A rare bladder tumour: A case presentation of primary low-grade leiomyosarcoma of the urinary bladder in a female patient

Abstract

Leiomyosarcoma is a mesenchymal tumour and rarely occurs as a primary bladder tumour. It is considered as a rare and aggressive tumour with a poor prognosis. To this date, there is no clear and precise therapeutic approach for the treatment of bladder leiomyosarcoma and little is known about the long term survival. The consensus in the current literature is that surgical intervention is the preferred initial treatment option and that prognosis is mainly determined by tumour differentiation. Organ-sparing surgery might be a feasible therapeutic option in selected patients.

1 Introduction

In this case report we describe the diagnosis and treatment of a 57 year old female patient with haematuria caused by a primary leiomyosarcoma of the urinary bladder. Written informed consent from the patient was obtained.

2 Case presentation

A 57-year-old female with no significant medical history was referred to our outpatient clinic due to gross haematuria and an abnormality in the urinary bladder on an abdominal ultrasound. The patient had no other urinary or general symptoms. The patient reported to have a history of smoking. During vaginal bimanual examination, a mobile mass was detected. Urinalysis revealed erythrocytes and no sign of cystitis, and urine cytology indicated The Paris System (TPS) 2. A cystoscopy was performed, revealing a large pedunculated solid mass located on the right posterior wall of the bladder ( Fig. 1 ). The aspect of the tumour on cystoscopy was not typical of urothelial carcinoma.

Subsequently, a Computed Tomography intravenous pyelogram (CT-IVP) of the abdomen was conducted, which showed a mass in the bladder with a maximum diameter of 3.8 × 2.4 cm with no extramural extension or signs of distant or regional metastases ( Fig. 2 ). It also showed a 8mm nephrolithiasis in the right upper pole calyx with a 6mm contrast opacification right beside it, possibly a small clot or a soft tissue configuration. A transurethral en-bloc resection of the mass in the bladder was performed followed by a diagnostic ureterorenoscopy on the right side which showed no tumour or clot in the right upper calyx.

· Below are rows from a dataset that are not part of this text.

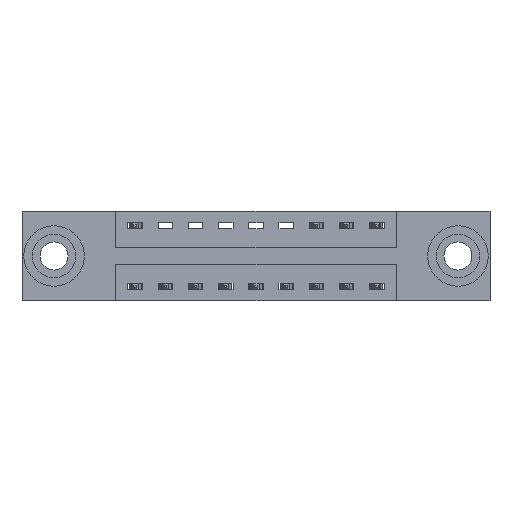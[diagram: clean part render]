
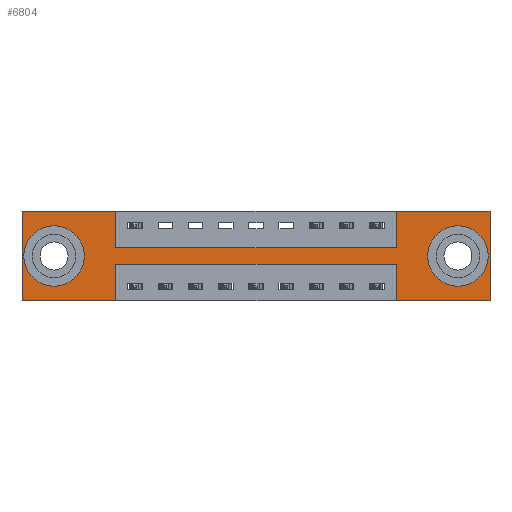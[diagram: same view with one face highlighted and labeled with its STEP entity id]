
A CAD part, front view. The second image highlights one B-rep face of the part: STEP entity #6804.
In plain terms, the highlighted planar face has unit normal (0, -1, 0).
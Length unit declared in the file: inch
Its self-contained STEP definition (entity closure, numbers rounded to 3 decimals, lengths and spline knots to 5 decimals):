
#7 = EDGE_CURVE ( 'NONE', #3268, #8115, #4062, .T. ) ;
#75 = VERTEX_POINT ( 'NONE', #3678 ) ;
#147 = CIRCLE ( 'NONE', #8125, 0.078 ) ;
#227 = LINE ( 'NONE', #4957, #2243 ) ;
#235 = DIRECTION ( 'NONE',  ( 0., 0., -1. ) ) ;
#256 = CARTESIAN_POINT ( 'NONE',  ( 0., 0., 0. ) ) ;
#342 = CARTESIAN_POINT ( 'NONE',  ( 1.8025, 0., -0.185 ) ) ;
#633 = VERTEX_POINT ( 'NONE', #9840 ) ;
#682 = DIRECTION ( 'NONE',  ( -1., 0., 0. ) ) ;
#1034 = CIRCLE ( 'NONE', #3614, 0.078 ) ;
#1053 = PLANE ( 'NONE',  #7449 ) ;
#1096 = CARTESIAN_POINT ( 'NONE',  ( 0.1325, 0., -0.185 ) ) ;
#1098 = VECTOR ( 'NONE', #1194, 39.37008 ) ;
#1103 = AXIS2_PLACEMENT_3D ( 'NONE', #1096, #7018, #1963 ) ;
#1194 = DIRECTION ( 'NONE',  ( -1., 0., 0. ) ) ;
#1203 = DIRECTION ( 'NONE',  ( 0., 0., -1. ) ) ;
#1261 = CARTESIAN_POINT ( 'NONE',  ( 1.5475, 0., 0. ) ) ;
#1382 = LINE ( 'NONE', #9553, #1098 ) ;
#1468 = LINE ( 'NONE', #5394, #5989 ) ;
#1482 = CARTESIAN_POINT ( 'NONE',  ( 0.3875, 0., 0. ) ) ;
#1538 = EDGE_CURVE ( 'NONE', #4209, #2988, #2687, .T. ) ;
#1597 = VERTEX_POINT ( 'NONE', #2723 ) ;
#1642 = CIRCLE ( 'NONE', #7231, 0.078 ) ;
#1798 = EDGE_CURVE ( 'NONE', #5669, #4209, #6790, .T. ) ;
#1819 = CARTESIAN_POINT ( 'NONE',  ( 1.5475, 0., -0.37 ) ) ;
#1963 = DIRECTION ( 'NONE',  ( 0., 0., 1. ) ) ;
#2243 = VECTOR ( 'NONE', #682, 39.37008 ) ;
#2439 = CARTESIAN_POINT ( 'NONE',  ( 1.5475, 0., -0.37 ) ) ;
#2636 = DIRECTION ( 'NONE',  ( 0., 1., 0. ) ) ;
#2687 = LINE ( 'NONE', #3914, #6917 ) ;
#2723 = CARTESIAN_POINT ( 'NONE',  ( 1.935, 0., -0.37 ) ) ;
#2833 = VERTEX_POINT ( 'NONE', #3845 ) ;
#2905 = DIRECTION ( 'NONE',  ( 0., 1., 0. ) ) ;
#2988 = VERTEX_POINT ( 'NONE', #1482 ) ;
#3211 = ORIENTED_EDGE ( 'NONE', *, *, #4086, .T. ) ;
#3268 = VERTEX_POINT ( 'NONE', #6072 ) ;
#3314 = CARTESIAN_POINT ( 'NONE',  ( 0.3875, 0., -0.15 ) ) ;
#3321 = DIRECTION ( 'NONE',  ( 0., 0., 1. ) ) ;
#3338 = VECTOR ( 'NONE', #9722, 39.37008 ) ;
#3362 = ORIENTED_EDGE ( 'NONE', *, *, #10102, .T. ) ;
#3605 = VERTEX_POINT ( 'NONE', #7292 ) ;
#3614 = AXIS2_PLACEMENT_3D ( 'NONE', #342, #6289, #1203 ) ;
#3661 = CARTESIAN_POINT ( 'NONE',  ( 0., 0., -0.37 ) ) ;
#3678 = CARTESIAN_POINT ( 'NONE',  ( 1.5475, 0., -0.15 ) ) ;
#3753 = FACE_BOUND ( 'NONE', #6612, .T. ) ;
#3811 = VECTOR ( 'NONE', #5912, 39.37008 ) ;
#3845 = CARTESIAN_POINT ( 'NONE',  ( 1.8025, 0., -0.263 ) ) ;
#3914 = CARTESIAN_POINT ( 'NONE',  ( 0., 0., 0. ) ) ;
#3927 = DIRECTION ( 'NONE',  ( 1., 0., 0. ) ) ;
#3962 = ORIENTED_EDGE ( 'NONE', *, *, #7525, .T. ) ;
#3964 = EDGE_LOOP ( 'NONE', ( #3989, #3962 ) ) ;
#3989 = ORIENTED_EDGE ( 'NONE', *, *, #4404, .T. ) ;
#4004 = VERTEX_POINT ( 'NONE', #4520 ) ;
#4062 = LINE ( 'NONE', #9482, #3811 ) ;
#4086 = EDGE_CURVE ( 'NONE', #3605, #633, #1642, .T. ) ;
#4104 = EDGE_CURVE ( 'NONE', #8115, #5669, #1382, .T. ) ;
#4111 = DIRECTION ( 'NONE',  ( 0., 0., 1. ) ) ;
#4209 = VERTEX_POINT ( 'NONE', #6575 ) ;
#4304 = EDGE_CURVE ( 'NONE', #10023, #4004, #8719, .T. ) ;
#4404 = EDGE_CURVE ( 'NONE', #6401, #2833, #147, .T. ) ;
#4467 = EDGE_LOOP ( 'NONE', ( #6445, #4804, #5186, #7387, #7349, #9711, #6457, #6463, #5715, #4490, #6495, #5565 ) ) ;
#4490 = ORIENTED_EDGE ( 'NONE', *, *, #1538, .F. ) ;
#4516 = LINE ( 'NONE', #5824, #8409 ) ;
#4520 = CARTESIAN_POINT ( 'NONE',  ( 1.5475, 0., -0.22 ) ) ;
#4567 = VECTOR ( 'NONE', #4111, 39.37008 ) ;
#4804 = ORIENTED_EDGE ( 'NONE', *, *, #10664, .F. ) ;
#4957 = CARTESIAN_POINT ( 'NONE',  ( 0.3875, 0., -0.22 ) ) ;
#5133 = CARTESIAN_POINT ( 'NONE',  ( 0., 0., 0. ) ) ;
#5186 = ORIENTED_EDGE ( 'NONE', *, *, #4304, .F. ) ;
#5366 = DIRECTION ( 'NONE',  ( 0., -1., 0. ) ) ;
#5394 = CARTESIAN_POINT ( 'NONE',  ( 1.5475, 0., 0. ) ) ;
#5565 = ORIENTED_EDGE ( 'NONE', *, *, #4104, .F. ) ;
#5600 = LINE ( 'NONE', #5626, #3338 ) ;
#5626 = CARTESIAN_POINT ( 'NONE',  ( 0.3875, 0., 0. ) ) ;
#5644 = VERTEX_POINT ( 'NONE', #6248 ) ;
#5669 = VERTEX_POINT ( 'NONE', #6285 ) ;
#5715 = ORIENTED_EDGE ( 'NONE', *, *, #9668, .F. ) ;
#5824 = CARTESIAN_POINT ( 'NONE',  ( 0., 0., -0.37 ) ) ;
#5912 = DIRECTION ( 'NONE',  ( 0., 0., -1. ) ) ;
#5984 = VECTOR ( 'NONE', #6678, 39.37008 ) ;
#5989 = VECTOR ( 'NONE', #9465, 39.37008 ) ;
#6072 = CARTESIAN_POINT ( 'NONE',  ( 0.3875, 0., -0.22 ) ) ;
#6106 = CIRCLE ( 'NONE', #1103, 0.078 ) ;
#6240 = LINE ( 'NONE', #3314, #5984 ) ;
#6248 = CARTESIAN_POINT ( 'NONE',  ( 0.3875, 0., -0.15 ) ) ;
#6251 = VERTEX_POINT ( 'NONE', #1261 ) ;
#6285 = CARTESIAN_POINT ( 'NONE',  ( 0., 0., -0.37 ) ) ;
#6289 = DIRECTION ( 'NONE',  ( 0., 1., 0. ) ) ;
#6401 = VERTEX_POINT ( 'NONE', #10613 ) ;
#6445 = ORIENTED_EDGE ( 'NONE', *, *, #7, .F. ) ;
#6457 = ORIENTED_EDGE ( 'NONE', *, *, #6820, .F. ) ;
#6463 = ORIENTED_EDGE ( 'NONE', *, *, #9853, .F. ) ;
#6495 = ORIENTED_EDGE ( 'NONE', *, *, #1798, .F. ) ;
#6575 = CARTESIAN_POINT ( 'NONE',  ( 0., 0., 0. ) ) ;
#6612 = EDGE_LOOP ( 'NONE', ( #3211, #3362 ) ) ;
#6678 = DIRECTION ( 'NONE',  ( 1., 0., 0. ) ) ;
#6790 = LINE ( 'NONE', #256, #4567 ) ;
#6804 = ADVANCED_FACE ( 'NONE', ( #8432, #3753, #8167 ), #1053, .T. ) ;
#6820 = EDGE_CURVE ( 'NONE', #75, #6251, #1468, .T. ) ;
#6917 = VECTOR ( 'NONE', #3927, 39.37008 ) ;
#7018 = DIRECTION ( 'NONE',  ( 0., 1., 0. ) ) ;
#7231 = AXIS2_PLACEMENT_3D ( 'NONE', #7935, #2905, #8743 ) ;
#7292 = CARTESIAN_POINT ( 'NONE',  ( 0.1325, 0., -0.107 ) ) ;
#7349 = ORIENTED_EDGE ( 'NONE', *, *, #9800, .F. ) ;
#7387 = ORIENTED_EDGE ( 'NONE', *, *, #10704, .F. ) ;
#7418 = CARTESIAN_POINT ( 'NONE',  ( 1.935, 0., 0. ) ) ;
#7449 = AXIS2_PLACEMENT_3D ( 'NONE', #3661, #5366, #235 ) ;
#7525 = EDGE_CURVE ( 'NONE', #2833, #6401, #1034, .T. ) ;
#7677 = CARTESIAN_POINT ( 'NONE',  ( 1.8025, 0., -0.185 ) ) ;
#7935 = CARTESIAN_POINT ( 'NONE',  ( 0.1325, 0., -0.185 ) ) ;
#8115 = VERTEX_POINT ( 'NONE', #9216 ) ;
#8125 = AXIS2_PLACEMENT_3D ( 'NONE', #7677, #2636, #8488 ) ;
#8167 = FACE_OUTER_BOUND ( 'NONE', #4467, .T. ) ;
#8271 = DIRECTION ( 'NONE',  ( 0., 0., -1. ) ) ;
#8317 = VECTOR ( 'NONE', #8441, 39.37008 ) ;
#8409 = VECTOR ( 'NONE', #10707, 39.37008 ) ;
#8432 = FACE_BOUND ( 'NONE', #3964, .T. ) ;
#8441 = DIRECTION ( 'NONE',  ( 1., 0., 0. ) ) ;
#8463 = VECTOR ( 'NONE', #3321, 39.37008 ) ;
#8488 = DIRECTION ( 'NONE',  ( 0., 0., -1. ) ) ;
#8672 = VECTOR ( 'NONE', #8271, 39.37008 ) ;
#8719 = LINE ( 'NONE', #2439, #8463 ) ;
#8743 = DIRECTION ( 'NONE',  ( 0., 0., 1. ) ) ;
#8762 = EDGE_CURVE ( 'NONE', #6251, #9739, #10481, .T. ) ;
#9017 = CARTESIAN_POINT ( 'NONE',  ( 1.935, 0., 0. ) ) ;
#9216 = CARTESIAN_POINT ( 'NONE',  ( 0.3875, 0., -0.37 ) ) ;
#9465 = DIRECTION ( 'NONE',  ( 0., 0., 1. ) ) ;
#9482 = CARTESIAN_POINT ( 'NONE',  ( 0.3875, 0., -0.37 ) ) ;
#9553 = CARTESIAN_POINT ( 'NONE',  ( 0., 0., -0.37 ) ) ;
#9668 = EDGE_CURVE ( 'NONE', #2988, #5644, #5600, .T. ) ;
#9711 = ORIENTED_EDGE ( 'NONE', *, *, #8762, .F. ) ;
#9722 = DIRECTION ( 'NONE',  ( 0., 0., -1. ) ) ;
#9739 = VERTEX_POINT ( 'NONE', #9017 ) ;
#9800 = EDGE_CURVE ( 'NONE', #9739, #1597, #10827, .T. ) ;
#9840 = CARTESIAN_POINT ( 'NONE',  ( 0.1325, 0., -0.263 ) ) ;
#9853 = EDGE_CURVE ( 'NONE', #5644, #75, #6240, .T. ) ;
#10023 = VERTEX_POINT ( 'NONE', #1819 ) ;
#10102 = EDGE_CURVE ( 'NONE', #633, #3605, #6106, .T. ) ;
#10481 = LINE ( 'NONE', #5133, #8317 ) ;
#10613 = CARTESIAN_POINT ( 'NONE',  ( 1.8025, 0., -0.107 ) ) ;
#10664 = EDGE_CURVE ( 'NONE', #4004, #3268, #227, .T. ) ;
#10704 = EDGE_CURVE ( 'NONE', #1597, #10023, #4516, .T. ) ;
#10707 = DIRECTION ( 'NONE',  ( -1., 0., 0. ) ) ;
#10827 = LINE ( 'NONE', #7418, #8672 ) ;

Histopathological examination of the resected bladder mass showed cytonuclear atypia, significant polymorphism with increased mitotic activity, absence of necrosis, and positive staining for smooth muscle actin and desmin on immunohistochemistry ( Fig. 3 ). These findings led to the diagnosis of low-grade leiomyosarcoma. There was no malignancy found in the deep biopsy of the detrusor muscle at the tumour base. A repeat transurethral resection of the scar was performed. Histopathological analysis of the repeat resection showed no sign of malignancy.